Output all records precisely as written.
══════
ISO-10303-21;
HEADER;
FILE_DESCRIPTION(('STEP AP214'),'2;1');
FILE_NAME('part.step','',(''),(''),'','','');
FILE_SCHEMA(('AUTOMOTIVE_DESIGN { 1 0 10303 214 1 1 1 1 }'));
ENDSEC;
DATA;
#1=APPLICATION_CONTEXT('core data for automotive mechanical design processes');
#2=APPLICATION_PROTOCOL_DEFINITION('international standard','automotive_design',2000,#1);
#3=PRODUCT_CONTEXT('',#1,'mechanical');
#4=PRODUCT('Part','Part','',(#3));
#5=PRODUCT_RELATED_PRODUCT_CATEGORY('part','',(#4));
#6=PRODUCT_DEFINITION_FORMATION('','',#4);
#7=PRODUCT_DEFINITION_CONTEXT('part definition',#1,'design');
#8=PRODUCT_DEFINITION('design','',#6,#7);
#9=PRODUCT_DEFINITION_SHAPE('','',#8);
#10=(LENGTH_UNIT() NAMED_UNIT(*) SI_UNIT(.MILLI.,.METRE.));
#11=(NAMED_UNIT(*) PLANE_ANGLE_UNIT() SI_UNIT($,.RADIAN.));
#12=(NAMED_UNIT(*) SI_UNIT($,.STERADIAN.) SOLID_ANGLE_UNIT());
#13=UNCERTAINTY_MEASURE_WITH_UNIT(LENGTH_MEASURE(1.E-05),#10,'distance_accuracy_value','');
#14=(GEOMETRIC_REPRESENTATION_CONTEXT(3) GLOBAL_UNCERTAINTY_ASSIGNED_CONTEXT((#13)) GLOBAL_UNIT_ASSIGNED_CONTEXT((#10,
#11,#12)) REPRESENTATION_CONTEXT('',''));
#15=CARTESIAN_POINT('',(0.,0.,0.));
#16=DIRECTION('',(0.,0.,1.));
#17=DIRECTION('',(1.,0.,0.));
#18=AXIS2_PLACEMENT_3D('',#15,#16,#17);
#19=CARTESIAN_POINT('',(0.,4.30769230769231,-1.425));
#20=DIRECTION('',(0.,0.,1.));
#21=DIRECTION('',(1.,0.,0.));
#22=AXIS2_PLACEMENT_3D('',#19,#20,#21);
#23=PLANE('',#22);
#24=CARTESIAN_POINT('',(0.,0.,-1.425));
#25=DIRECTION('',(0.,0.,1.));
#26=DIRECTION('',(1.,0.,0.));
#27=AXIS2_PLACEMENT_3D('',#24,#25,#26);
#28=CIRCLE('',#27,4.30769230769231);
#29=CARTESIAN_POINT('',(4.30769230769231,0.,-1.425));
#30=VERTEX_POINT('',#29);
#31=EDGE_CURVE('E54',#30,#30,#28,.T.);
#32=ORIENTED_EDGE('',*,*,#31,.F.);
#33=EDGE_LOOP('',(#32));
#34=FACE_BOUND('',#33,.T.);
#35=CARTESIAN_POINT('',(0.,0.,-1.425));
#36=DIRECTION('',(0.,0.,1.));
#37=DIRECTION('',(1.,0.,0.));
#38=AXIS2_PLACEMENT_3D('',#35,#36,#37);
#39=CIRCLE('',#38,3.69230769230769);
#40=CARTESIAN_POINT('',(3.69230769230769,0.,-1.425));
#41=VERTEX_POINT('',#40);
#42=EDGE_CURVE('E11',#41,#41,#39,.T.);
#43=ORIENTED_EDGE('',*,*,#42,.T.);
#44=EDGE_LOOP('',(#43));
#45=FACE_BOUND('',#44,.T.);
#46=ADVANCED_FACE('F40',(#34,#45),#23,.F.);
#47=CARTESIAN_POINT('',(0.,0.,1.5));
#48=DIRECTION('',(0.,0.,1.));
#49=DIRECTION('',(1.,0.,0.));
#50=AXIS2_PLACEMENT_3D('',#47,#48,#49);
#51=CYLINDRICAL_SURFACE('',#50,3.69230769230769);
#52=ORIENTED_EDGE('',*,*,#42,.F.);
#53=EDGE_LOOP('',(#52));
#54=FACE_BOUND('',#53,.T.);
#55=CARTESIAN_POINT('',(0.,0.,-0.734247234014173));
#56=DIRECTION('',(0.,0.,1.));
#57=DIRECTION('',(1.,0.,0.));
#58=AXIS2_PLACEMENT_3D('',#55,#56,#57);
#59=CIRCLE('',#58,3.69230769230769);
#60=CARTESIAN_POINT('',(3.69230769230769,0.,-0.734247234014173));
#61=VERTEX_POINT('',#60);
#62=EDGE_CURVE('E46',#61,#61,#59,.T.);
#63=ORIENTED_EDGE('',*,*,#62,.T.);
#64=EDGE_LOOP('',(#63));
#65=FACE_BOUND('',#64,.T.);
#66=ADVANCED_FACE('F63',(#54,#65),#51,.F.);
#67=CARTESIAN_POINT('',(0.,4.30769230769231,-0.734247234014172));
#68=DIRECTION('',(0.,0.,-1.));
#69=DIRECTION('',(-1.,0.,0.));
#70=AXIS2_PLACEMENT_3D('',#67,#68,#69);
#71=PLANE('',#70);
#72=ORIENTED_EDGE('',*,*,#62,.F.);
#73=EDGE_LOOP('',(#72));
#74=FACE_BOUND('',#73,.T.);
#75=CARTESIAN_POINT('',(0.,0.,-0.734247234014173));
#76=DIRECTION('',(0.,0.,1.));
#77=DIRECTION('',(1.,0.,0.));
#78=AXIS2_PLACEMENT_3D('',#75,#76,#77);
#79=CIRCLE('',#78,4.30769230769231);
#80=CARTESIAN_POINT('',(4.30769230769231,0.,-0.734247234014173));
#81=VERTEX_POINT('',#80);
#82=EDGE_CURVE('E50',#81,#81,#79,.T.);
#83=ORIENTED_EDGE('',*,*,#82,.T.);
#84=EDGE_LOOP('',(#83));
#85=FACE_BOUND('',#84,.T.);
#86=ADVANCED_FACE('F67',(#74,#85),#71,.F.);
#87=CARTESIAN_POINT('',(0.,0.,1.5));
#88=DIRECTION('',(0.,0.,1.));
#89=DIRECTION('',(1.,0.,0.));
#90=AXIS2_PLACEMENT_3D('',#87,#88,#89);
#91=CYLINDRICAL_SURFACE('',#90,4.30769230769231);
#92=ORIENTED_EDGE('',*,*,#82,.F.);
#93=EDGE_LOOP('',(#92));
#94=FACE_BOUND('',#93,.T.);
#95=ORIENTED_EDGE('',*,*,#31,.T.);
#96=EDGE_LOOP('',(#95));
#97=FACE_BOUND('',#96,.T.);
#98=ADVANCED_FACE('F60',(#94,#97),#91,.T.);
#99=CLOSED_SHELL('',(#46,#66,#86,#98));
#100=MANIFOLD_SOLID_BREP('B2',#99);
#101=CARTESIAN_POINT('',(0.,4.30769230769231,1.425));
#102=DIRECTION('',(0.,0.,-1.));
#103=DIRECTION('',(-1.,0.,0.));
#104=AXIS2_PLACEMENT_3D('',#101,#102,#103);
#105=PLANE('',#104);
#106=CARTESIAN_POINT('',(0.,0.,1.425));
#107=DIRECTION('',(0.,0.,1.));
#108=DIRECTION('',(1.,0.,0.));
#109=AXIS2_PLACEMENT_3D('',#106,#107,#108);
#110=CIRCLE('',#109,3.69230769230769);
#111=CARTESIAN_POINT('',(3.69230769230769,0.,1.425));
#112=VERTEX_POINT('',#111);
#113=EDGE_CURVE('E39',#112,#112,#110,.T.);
══════
### Exercise result:
ISO-10303-21;
HEADER;
FILE_DESCRIPTION(('STEP AP214'),'2;1');
FILE_NAME('part.step','',(''),(''),'','','');
FILE_SCHEMA(('AUTOMOTIVE_DESIGN { 1 0 10303 214 1 1 1 1 }'));
ENDSEC;
DATA;
#1=APPLICATION_CONTEXT('core data for automotive mechanical design processes');
#2=APPLICATION_PROTOCOL_DEFINITION('international standard','automotive_design',2000,#1);
#3=PRODUCT_CONTEXT('',#1,'mechanical');
#4=PRODUCT('Part','Part','',(#3));
#5=PRODUCT_RELATED_PRODUCT_CATEGORY('part','',(#4));
#6=PRODUCT_DEFINITION_FORMATION('','',#4);
#7=PRODUCT_DEFINITION_CONTEXT('part definition',#1,'design');
#8=PRODUCT_DEFINITION('design','',#6,#7);
#9=PRODUCT_DEFINITION_SHAPE('','',#8);
#10=(LENGTH_UNIT() NAMED_UNIT(*) SI_UNIT(.MILLI.,.METRE.));
#11=(NAMED_UNIT(*) PLANE_ANGLE_UNIT() SI_UNIT($,.RADIAN.));
#12=(NAMED_UNIT(*) SI_UNIT($,.STERADIAN.) SOLID_ANGLE_UNIT());
#13=UNCERTAINTY_MEASURE_WITH_UNIT(LENGTH_MEASURE(1.E-05),#10,'distance_accuracy_value','');
#14=(GEOMETRIC_REPRESENTATION_CONTEXT(3) GLOBAL_UNCERTAINTY_ASSIGNED_CONTEXT((#13)) GLOBAL_UNIT_ASSIGNED_CONTEXT((#10,
#11,#12)) REPRESENTATION_CONTEXT('',''));
#15=CARTESIAN_POINT('',(0.,0.,0.));
#16=DIRECTION('',(0.,0.,1.));
#17=DIRECTION('',(1.,0.,0.));
#18=AXIS2_PLACEMENT_3D('',#15,#16,#17);
#19=CARTESIAN_POINT('',(0.,4.30769230769231,-1.425));
#20=DIRECTION('',(0.,0.,1.));
#21=DIRECTION('',(1.,0.,0.));
#22=AXIS2_PLACEMENT_3D('',#19,#20,#21);
#23=PLANE('',#22);
#24=CARTESIAN_POINT('',(0.,0.,-1.425));
#25=DIRECTION('',(0.,0.,1.));
#26=DIRECTION('',(1.,0.,0.));
#27=AXIS2_PLACEMENT_3D('',#24,#25,#26);
#28=CIRCLE('',#27,4.30769230769231);
#29=CARTESIAN_POINT('',(4.30769230769231,0.,-1.425));
#30=VERTEX_POINT('',#29);
#31=EDGE_CURVE('E54',#30,#30,#28,.T.);
#32=ORIENTED_EDGE('',*,*,#31,.F.);
#33=EDGE_LOOP('',(#32));
#34=FACE_BOUND('',#33,.T.);
#35=CARTESIAN_POINT('',(0.,0.,-1.425));
#36=DIRECTION('',(0.,0.,1.));
#37=DIRECTION('',(1.,0.,0.));
#38=AXIS2_PLACEMENT_3D('',#35,#36,#37);
#39=CIRCLE('',#38,3.69230769230769);
#40=CARTESIAN_POINT('',(3.69230769230769,0.,-1.425));
#41=VERTEX_POINT('',#40);
#42=EDGE_CURVE('E11',#41,#41,#39,.T.);
#43=ORIENTED_EDGE('',*,*,#42,.T.);
#44=EDGE_LOOP('',(#43));
#45=FACE_BOUND('',#44,.T.);
#46=ADVANCED_FACE('F40',(#34,#45),#23,.F.);
#47=CARTESIAN_POINT('',(0.,0.,1.5));
#48=DIRECTION('',(0.,0.,1.));
#49=DIRECTION('',(1.,0.,0.));
#50=AXIS2_PLACEMENT_3D('',#47,#48,#49);
#51=CYLINDRICAL_SURFACE('',#50,3.69230769230769);
#52=ORIENTED_EDGE('',*,*,#42,.F.);
#53=EDGE_LOOP('',(#52));
#54=FACE_BOUND('',#53,.T.);
#55=CARTESIAN_POINT('',(0.,0.,-0.734247234014173));
#56=DIRECTION('',(0.,0.,1.));
#57=DIRECTION('',(1.,0.,0.));
#58=AXIS2_PLACEMENT_3D('',#55,#56,#57);
#59=CIRCLE('',#58,3.69230769230769);
#60=CARTESIAN_POINT('',(3.69230769230769,0.,-0.734247234014173));
#61=VERTEX_POINT('',#60);
#62=EDGE_CURVE('E46',#61,#61,#59,.T.);
#63=ORIENTED_EDGE('',*,*,#62,.T.);
#64=EDGE_LOOP('',(#63));
#65=FACE_BOUND('',#64,.T.);
#66=ADVANCED_FACE('F63',(#54,#65),#51,.F.);
#67=CARTESIAN_POINT('',(0.,4.30769230769231,-0.734247234014172));
#68=DIRECTION('',(0.,0.,-1.));
#69=DIRECTION('',(-1.,0.,0.));
#70=AXIS2_PLACEMENT_3D('',#67,#68,#69);
#71=PLANE('',#70);
#72=ORIENTED_EDGE('',*,*,#62,.F.);
#73=EDGE_LOOP('',(#72));
#74=FACE_BOUND('',#73,.T.);
#75=CARTESIAN_POINT('',(0.,0.,-0.734247234014173));
#76=DIRECTION('',(0.,0.,1.));
#77=DIRECTION('',(1.,0.,0.));
#78=AXIS2_PLACEMENT_3D('',#75,#76,#77);
#79=CIRCLE('',#78,4.30769230769231);
#80=CARTESIAN_POINT('',(4.30769230769231,0.,-0.734247234014173));
#81=VERTEX_POINT('',#80);
#82=EDGE_CURVE('E50',#81,#81,#79,.T.);
#83=ORIENTED_EDGE('',*,*,#82,.T.);
#84=EDGE_LOOP('',(#83));
#85=FACE_BOUND('',#84,.T.);
#86=ADVANCED_FACE('F67',(#74,#85),#71,.F.);
#87=CARTESIAN_POINT('',(0.,0.,1.5));
#88=DIRECTION('',(0.,0.,1.));
#89=DIRECTION('',(1.,0.,0.));
#90=AXIS2_PLACEMENT_3D('',#87,#88,#89);
#91=CYLINDRICAL_SURFACE('',#90,4.30769230769231);
#92=ORIENTED_EDGE('',*,*,#82,.F.);
#93=EDGE_LOOP('',(#92));
#94=FACE_BOUND('',#93,.T.);
#95=ORIENTED_EDGE('',*,*,#31,.T.);
#96=EDGE_LOOP('',(#95));
#97=FACE_BOUND('',#96,.T.);
#98=ADVANCED_FACE('F60',(#94,#97),#91,.T.);
#99=CLOSED_SHELL('',(#46,#66,#86,#98));
#100=MANIFOLD_SOLID_BREP('B2',#99);
#101=CARTESIAN_POINT('',(0.,4.30769230769231,1.425));
#102=DIRECTION('',(0.,0.,-1.));
#103=DIRECTION('',(-1.,0.,0.));
#104=AXIS2_PLACEMENT_3D('',#101,#102,#103);
#105=PLANE('',#104);
#106=CARTESIAN_POINT('',(0.,0.,1.425));
#107=DIRECTION('',(0.,0.,1.));
#108=DIRECTION('',(1.,0.,0.));
#109=AXIS2_PLACEMENT_3D('',#106,#107,#108);
#110=CIRCLE('',#109,3.69230769230769);
#111=CARTESIAN_POINT('',(3.69230769230769,0.,1.425));
#112=VERTEX_POINT('',#111);
#113=EDGE_CURVE('E39',#112,#112,#110,.T.);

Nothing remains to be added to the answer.